After Russia joins the WTO, export duties on oilseeds will be eliminated (soybean) or reduced (sunflowerseed, rapeseed), although this will happen in stages over 3-4 years. As a result, although in the long-term, Russian WTO accession could have significant impact on this sector and related trade, the short-term consequences are not yet clear. In MY 2012/13 increased rapeseed production will be driven by growing EU demand and improved production infrastructure.

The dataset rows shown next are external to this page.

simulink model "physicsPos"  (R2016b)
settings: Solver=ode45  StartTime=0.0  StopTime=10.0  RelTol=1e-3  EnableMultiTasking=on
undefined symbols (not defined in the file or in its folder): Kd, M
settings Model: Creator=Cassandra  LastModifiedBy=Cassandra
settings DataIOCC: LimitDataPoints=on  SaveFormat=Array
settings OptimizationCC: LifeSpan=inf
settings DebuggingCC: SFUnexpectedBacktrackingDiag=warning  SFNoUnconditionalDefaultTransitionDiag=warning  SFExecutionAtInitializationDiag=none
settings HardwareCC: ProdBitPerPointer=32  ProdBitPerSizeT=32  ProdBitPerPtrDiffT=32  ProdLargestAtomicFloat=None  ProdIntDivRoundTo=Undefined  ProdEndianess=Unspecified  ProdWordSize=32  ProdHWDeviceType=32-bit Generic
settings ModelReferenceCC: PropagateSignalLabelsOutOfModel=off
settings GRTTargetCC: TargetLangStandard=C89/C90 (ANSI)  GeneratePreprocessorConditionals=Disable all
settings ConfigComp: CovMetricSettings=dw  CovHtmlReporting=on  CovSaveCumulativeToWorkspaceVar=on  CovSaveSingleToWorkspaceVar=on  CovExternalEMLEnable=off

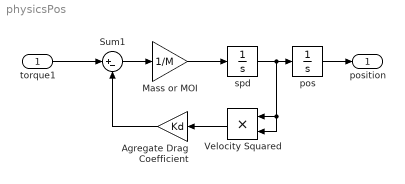
== system physicsPos ==
  torque1 : Inport
  Agregate Drag Coefficient : Gain  Gain=Kd
  Mass or MOI : Gain  Gain=1/M
  Sum1 : Sum  Inputs=|+-
  Velocity Squared : Product
  pos : Integrator
  spd : Integrator
  position : Outport
  wires:
  Mass or MOI/1 -> spd/1
  spd/1 -> Velocity Squared/2, Velocity Squared/1, pos/1
  Sum1/1 -> Mass or MOI/1
  torque1/1 -> Sum1/1
  pos/1 -> position/1
  Velocity Squared/1 -> Agregate Drag Coefficient/1
  Agregate Drag Coefficient/1 -> Sum1/2

Please refer to GAIN RS1222 Annual Oilseeds and Products for more details.

Notes on Statistical Data

Bioethanol and biodiesel production in Russia is very small. There are no official data for these products in Russia. Production and trade data for wood pellets is based on GTA, Official Russian Federal Customs Service, and estimates of the FAS posts in EU. The trade data for wood pellets may not correspond to the EU data since there is no HS Code for wood pellets alone in Russia. Currently it is subsumed under HS 440130. FAS Post based its estimates on figures of National Biofuels Association, sources from research, analytical institutions as well as agricultural trade sources.